If Ethereum reaches $1K again, it would be.  What are the chances of that happening?  ...probably very low.


----------



## silentbogo (Jan 2, 2019)

Sasqui said:


> If Ethereum reaches $1K again, it would be. What are the chances of that happening? ...probably very low.


I hodl my hopes high )))
Personally I don't mine and never mined. It's just when mining is popular - I get lots of stuff to fix in my workshop. Consequential income


----------



## phill (Jan 2, 2019)

Hellfire said:


> Cheers buddy, think I'll leave the mining and maybe do some crunching with it  I have the two servers I'll use for crunching too but going to leave them in my test rack at work in my office for the free power.
> 
> Re solar, I know it's up/down for generation and there is no guarantee, the best you can go by is PVGIS of course.

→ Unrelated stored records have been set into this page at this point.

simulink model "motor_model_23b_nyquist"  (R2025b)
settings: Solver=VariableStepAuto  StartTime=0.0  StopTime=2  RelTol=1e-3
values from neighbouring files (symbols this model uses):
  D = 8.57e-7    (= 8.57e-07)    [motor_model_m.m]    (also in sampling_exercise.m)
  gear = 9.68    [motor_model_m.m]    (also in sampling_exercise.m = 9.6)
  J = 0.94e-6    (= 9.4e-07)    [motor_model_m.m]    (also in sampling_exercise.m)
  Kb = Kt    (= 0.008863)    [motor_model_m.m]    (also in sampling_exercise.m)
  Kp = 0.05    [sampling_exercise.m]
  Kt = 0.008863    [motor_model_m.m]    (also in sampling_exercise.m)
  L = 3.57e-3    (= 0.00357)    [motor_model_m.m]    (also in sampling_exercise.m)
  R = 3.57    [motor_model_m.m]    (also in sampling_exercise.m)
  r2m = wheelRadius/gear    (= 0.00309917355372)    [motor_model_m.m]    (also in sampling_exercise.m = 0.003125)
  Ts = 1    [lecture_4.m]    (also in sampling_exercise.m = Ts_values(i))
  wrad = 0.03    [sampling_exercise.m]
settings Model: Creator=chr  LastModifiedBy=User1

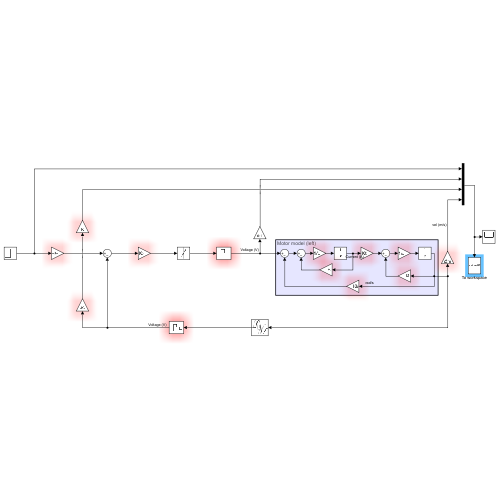
[thumbnail: Simulink's stored preview of the top-level diagram]
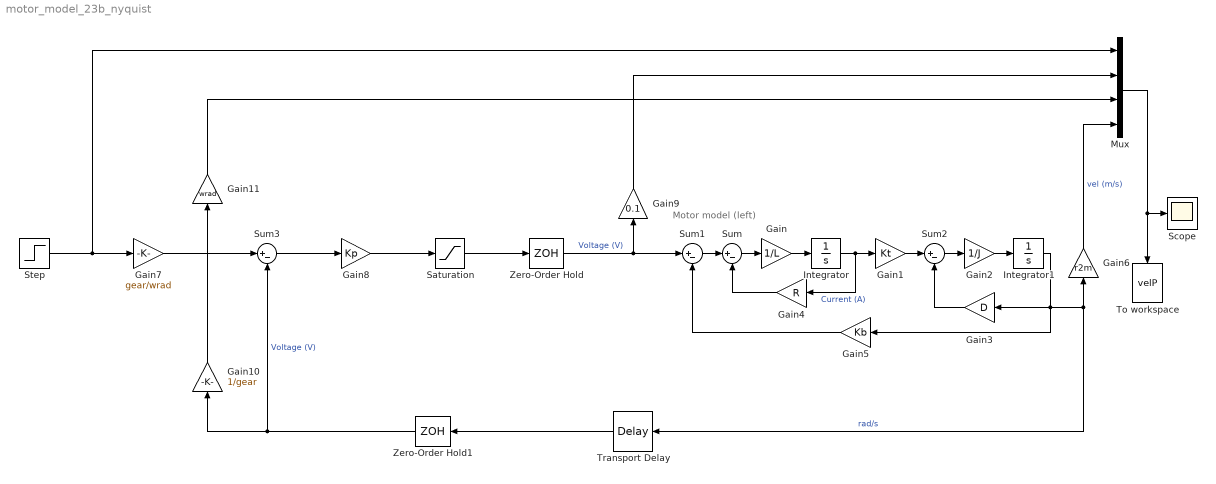
== system motor_model_23b_nyquist ==
  note: Motor model (left)
  Gain : Gain  Gain=1/L
  Gain1 : Gain  Gain=Kt
  Gain10 : Gain  Gain=1/gear
  Gain11 : Gain  Gain=wrad
  Gain2 : Gain  Gain=1/J
  Gain3 : Gain  Gain=D
  Gain4 : Gain  Gain=R
  Gain5 : Gain  Gain=Kb
  Gain6 : Gain  Gain=r2m
  Gain7 : Gain  Gain=gear/wrad
  Gain8 : Gain  Gain=Kp
  Gain9 : Gain  Gain=0.1
  Integrator : Integrator
  Integrator1 : Integrator
  Mux : Mux
  Saturation : Saturate  UpperLimit=9  LowerLimit=-9
  Scope : Scope
      settings: ActiveDisplayYMinimum=-0.28935  ActiveDisplayYMaximum=6.07084
  Step : Step  Time=0.2  After=0.1  SampleTime=0
  Sum{,1..3} (4 alike) : Sum  Inputs=|+-
  To workspace : ToWorkspace  VariableName=velP  SaveFormat=Timeseries  SampleTime=-1
  Transport Delay : TransportDelay  DelayTime=0.01
  Zero-Order Hold : ZeroOrderHold  SampleTime=Ts
  Zero-Order Hold1 : ZeroOrderHold  SampleTime=Ts
  wires:
  Gain/1 -> Integrator/1
  Sum/1 -> Gain/1
  Integrator/1 -> Gain4/1, Gain1/1  "Current (A)"
  Sum1/1 -> Sum/1
  Gain1/1 -> Sum2/1
  Sum2/1 -> Gain2/1
  Gain2/1 -> Integrator1/1
  Integrator1/1 -> Gain3/1, Gain5/1, Transport Delay/1, Gain6/1  "rad/s"
  Gain3/1 -> Sum2/2
  Gain4/1 -> Sum/2
  Gain5/1 -> Sum1/2
  Mux/1 -> Scope/1, To workspace/1
  Gain6/1 -> Mux/4  "vel (m/s)"
  Zero-Order Hold/1 -> Gain9/1, Sum1/1  "Voltage (V)"
  Step/1 -> Mux/1, Gain7/1
  Gain7/1 -> Sum3/1
  Sum3/1 -> Gain8/1
  Saturation/1 -> Zero-Order Hold/1
  Gain8/1 -> Saturation/1
  Transport Delay/1 -> Zero-Order Hold1/1
  Zero-Order Hold1/1 -> Gain10/1, Sum3/2  "Voltage (V)"
  Gain9/1 -> Mux/2
  Gain10/1 -> Gain11/1
  Gain11/1 -> Mux/3

Crunching will soon rip through the power as well, it's kind of amazing to see how far some days you produce next to nothing and others you produce more than enough to in theory power two of your houses together lol  I'll try and grab you a screen shot of the lows and the highs of solar production..  See how you feel about it   I've a similar array at home, 3.6Kw in panels, but it'll produce nearly 4Kw at a peak.  Something to do with the PV rating down in the south, as it's about 10% more than in the Midlands I was told, then in Scotland it's less there..  

Having the bigger array will help or benefit in the winter months as it'll produce a little more but when it's not producing much more than 100w at anyone time, it's a bit of a waste..  Get a little sun on it and I've found with just having the basics on (fridges, freezers, NAS, printer etc) I need to produce about 200w about an hour to have free for just the standard stuff you have on, let alone the big PC that requires 1000w to run with the 4 GPUs and maxed out CPU plus all the speakers and monitors to go with it  

Free power at work is a bonus   I have my work laptop running WCG all the time so it's a little something to help..  Sad it's only using about 45w max, but it's 45w an hour, 24 hours a day etc etc   The servers I've got at home have no issues at all draining 300w under load crunching and that's with two L5640's, low powered CPUs lol  Must be those damn delta fans that help take all the power lol


----------



## Sasqui (Jan 2, 2019)

silentbogo said:


> I hodl my hopes high )))
> Personally I don't mine and never mined. It's just when mining is popular - I get lots of stuff to fix in my workshop. Consequential income



So much collateral business from that boom, right? It certainly also wouldn't hurt the bottom line for PC component makers either...  AMD, NVidia, Mircron, Intel, etc etc etc!


----------



## Hellfire (Jan 2, 2019)

phill said:


> ..... (lots of stuff)



Cheers, sounds good. I'm down south too (Essex) so not south south but still south.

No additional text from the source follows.